Recalling, say, the look on your boyfriend or girlfriend’s face during your breakup in your mind will “become entrenched in your (present) model of the world.” Barrett compares remembering traumatic experiences over and over to passersby footsteps making a well-worn path even deeper — the more you dwell on bad things, the more likely you are to continue feeling in those ways.
Luckily, the parts of the brain you need for ruminating same ones that make the predictions to balance your body budget. If you keep those zone busy doing something else, like playing tennis or reading a book, then there won’t be space for ruminating.

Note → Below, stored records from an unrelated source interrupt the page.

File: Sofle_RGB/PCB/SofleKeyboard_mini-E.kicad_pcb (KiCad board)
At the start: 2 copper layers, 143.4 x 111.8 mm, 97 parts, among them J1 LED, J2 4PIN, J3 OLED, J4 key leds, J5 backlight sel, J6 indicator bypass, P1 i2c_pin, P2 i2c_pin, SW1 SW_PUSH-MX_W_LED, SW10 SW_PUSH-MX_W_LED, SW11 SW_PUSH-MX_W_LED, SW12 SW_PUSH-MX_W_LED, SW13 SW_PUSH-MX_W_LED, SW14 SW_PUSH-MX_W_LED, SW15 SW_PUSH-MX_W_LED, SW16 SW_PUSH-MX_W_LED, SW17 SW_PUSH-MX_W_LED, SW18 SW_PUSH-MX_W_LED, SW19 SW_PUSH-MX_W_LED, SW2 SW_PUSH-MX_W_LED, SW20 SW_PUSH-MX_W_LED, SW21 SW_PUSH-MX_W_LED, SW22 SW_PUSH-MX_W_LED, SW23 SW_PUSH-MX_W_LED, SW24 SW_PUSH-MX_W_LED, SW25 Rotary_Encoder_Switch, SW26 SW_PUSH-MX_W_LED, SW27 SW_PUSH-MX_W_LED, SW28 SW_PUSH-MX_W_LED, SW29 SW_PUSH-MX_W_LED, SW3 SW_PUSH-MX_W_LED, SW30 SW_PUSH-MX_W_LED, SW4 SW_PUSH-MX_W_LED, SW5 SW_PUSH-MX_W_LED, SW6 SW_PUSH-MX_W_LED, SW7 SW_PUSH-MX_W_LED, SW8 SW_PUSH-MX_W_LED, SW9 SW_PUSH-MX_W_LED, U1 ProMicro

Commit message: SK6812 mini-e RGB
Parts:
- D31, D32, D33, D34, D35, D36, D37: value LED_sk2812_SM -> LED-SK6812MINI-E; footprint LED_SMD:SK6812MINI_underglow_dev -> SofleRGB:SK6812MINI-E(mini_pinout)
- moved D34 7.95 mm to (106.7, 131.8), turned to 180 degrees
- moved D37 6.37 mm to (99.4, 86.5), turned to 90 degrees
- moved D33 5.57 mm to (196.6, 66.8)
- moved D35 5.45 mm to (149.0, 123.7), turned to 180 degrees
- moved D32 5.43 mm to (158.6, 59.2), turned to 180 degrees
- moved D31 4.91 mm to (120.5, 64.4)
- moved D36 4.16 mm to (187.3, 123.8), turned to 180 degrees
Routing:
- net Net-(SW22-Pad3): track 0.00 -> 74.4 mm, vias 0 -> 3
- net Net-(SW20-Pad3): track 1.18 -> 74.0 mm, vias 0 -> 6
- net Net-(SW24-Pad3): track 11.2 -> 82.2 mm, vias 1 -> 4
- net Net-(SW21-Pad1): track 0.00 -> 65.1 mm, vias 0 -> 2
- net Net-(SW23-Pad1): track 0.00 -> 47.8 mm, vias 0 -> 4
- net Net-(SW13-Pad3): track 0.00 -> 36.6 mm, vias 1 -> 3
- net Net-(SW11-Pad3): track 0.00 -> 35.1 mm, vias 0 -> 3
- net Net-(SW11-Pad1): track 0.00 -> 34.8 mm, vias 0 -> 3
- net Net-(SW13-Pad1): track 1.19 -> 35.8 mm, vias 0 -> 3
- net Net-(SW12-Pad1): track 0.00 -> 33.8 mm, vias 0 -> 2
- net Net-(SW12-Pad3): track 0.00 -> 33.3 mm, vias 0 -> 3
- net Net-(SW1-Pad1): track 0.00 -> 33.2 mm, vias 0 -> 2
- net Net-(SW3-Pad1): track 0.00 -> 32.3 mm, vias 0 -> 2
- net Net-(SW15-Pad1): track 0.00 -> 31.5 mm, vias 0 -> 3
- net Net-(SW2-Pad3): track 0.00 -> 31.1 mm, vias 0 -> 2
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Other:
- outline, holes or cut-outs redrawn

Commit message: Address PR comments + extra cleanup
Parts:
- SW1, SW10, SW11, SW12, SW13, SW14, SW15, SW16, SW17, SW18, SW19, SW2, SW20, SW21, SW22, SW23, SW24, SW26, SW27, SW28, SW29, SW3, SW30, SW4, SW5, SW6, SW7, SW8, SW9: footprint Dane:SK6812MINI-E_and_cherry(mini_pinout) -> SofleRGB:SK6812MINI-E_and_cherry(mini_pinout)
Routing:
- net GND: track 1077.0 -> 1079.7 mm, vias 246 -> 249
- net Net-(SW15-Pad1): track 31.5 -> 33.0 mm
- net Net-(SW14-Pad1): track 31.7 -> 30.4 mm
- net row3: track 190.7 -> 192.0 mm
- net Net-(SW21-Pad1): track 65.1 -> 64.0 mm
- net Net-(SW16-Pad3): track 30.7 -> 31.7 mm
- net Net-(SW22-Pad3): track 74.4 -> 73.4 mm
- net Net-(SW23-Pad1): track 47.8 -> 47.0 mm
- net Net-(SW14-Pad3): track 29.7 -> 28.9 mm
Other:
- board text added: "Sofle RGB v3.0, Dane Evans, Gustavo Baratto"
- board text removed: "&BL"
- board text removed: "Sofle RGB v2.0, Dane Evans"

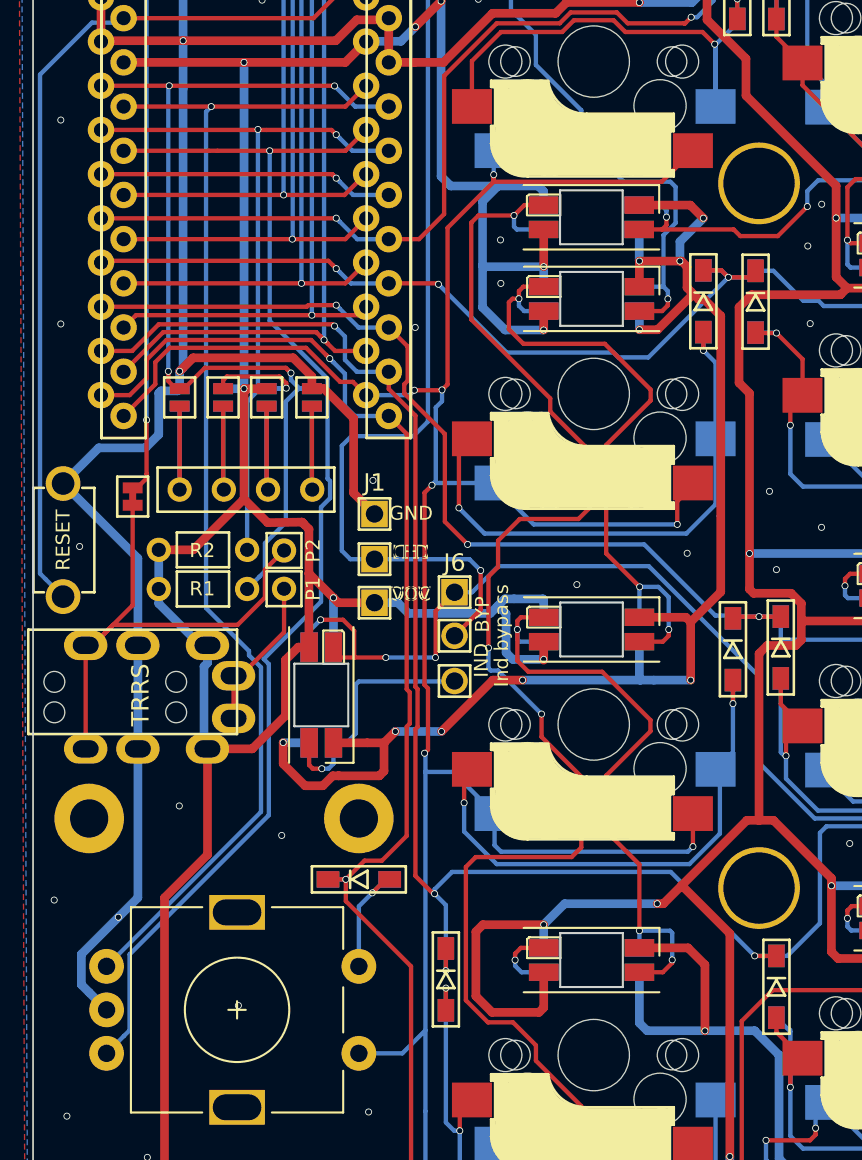
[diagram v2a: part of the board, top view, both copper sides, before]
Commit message: Remove extra silk in J1 + tidy up a few more traces
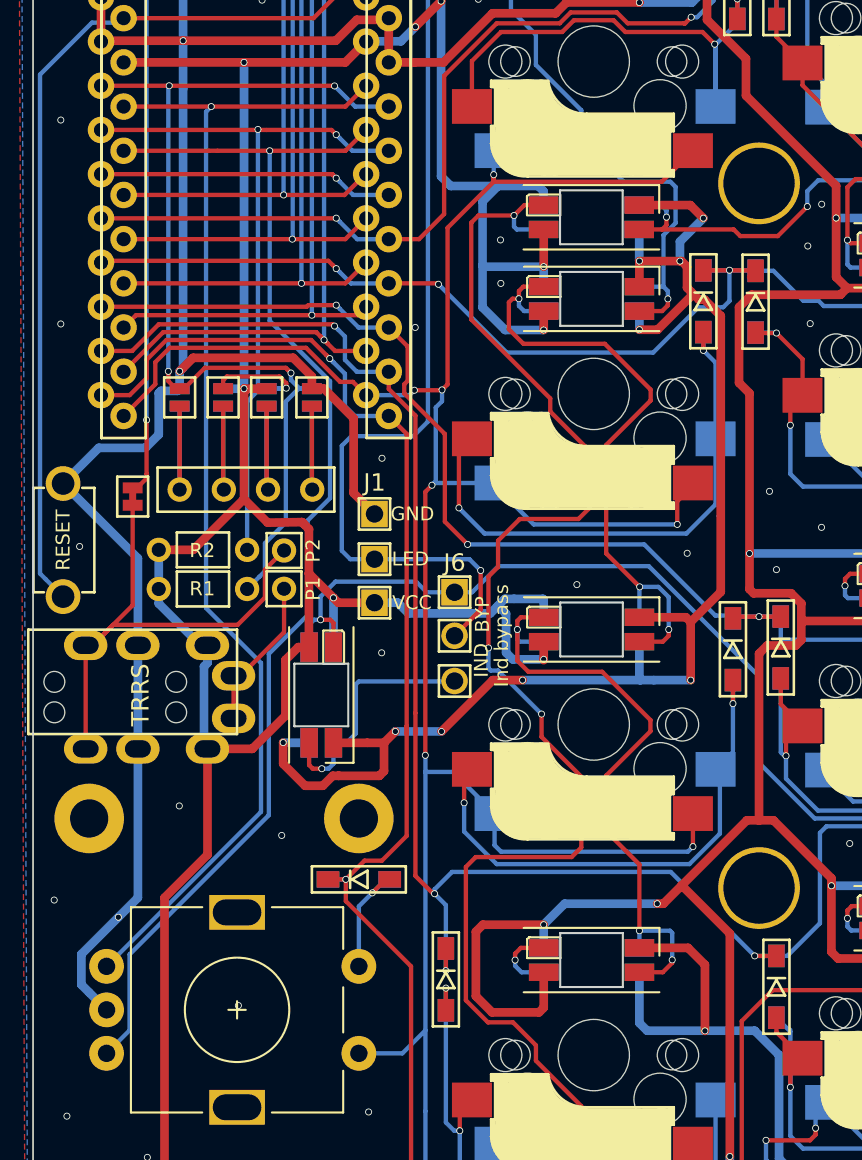
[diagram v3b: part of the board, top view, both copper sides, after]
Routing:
- net lights: track 102.4 -> 101.0 mm, vias 5 -> 3
- net row1: track 144.1 -> 145.2 mm
- net GND: vias 249 -> 250

The next time you’re obsessing over something, do something that requires all of your attention.
But Don’t Discount Therapy
So does that mean that certain types of therapy, such as psychoanalysis, where you’d spend years reliving traumatic moments in your past, is a bad idea? Not necessarily, argues Barrett, who trained as a psychotherapist many years ago but no longer practices.
For one thing, a supportive relationship with a therapist can help in and of itself. “If you’re in a very supportive relationship with someone who’s helping to regulate your body budget,” she says. “This creates an opportunity to re-experience something in a new way, recategorizing it, and that is extremely helpful.” She also specifically recommends cognitive behavioral therapy since it involves “the prescription to go out and try things in the world.” This is important, she says, because the lessons you learn change the predictions your brain is capable of making in the future.
The interest group Association for Behavioral and Cognitive Therapies has a search function for finding a cognitive-behavioral therapist covered by your relevant insurance provider in your state in the U.S., while if you’re based in the UK, the mental health charity Mind gives a helpful summary of the different ways you can find a CBT therapist.
Ultimately, Barrett emphasizes that every brain and body budget is unique, and that finding your happy place is a lot like being a scientist: experimenting with things and seeing what works. But these tips should provide a research-backed foundation for feeling sunnier more often.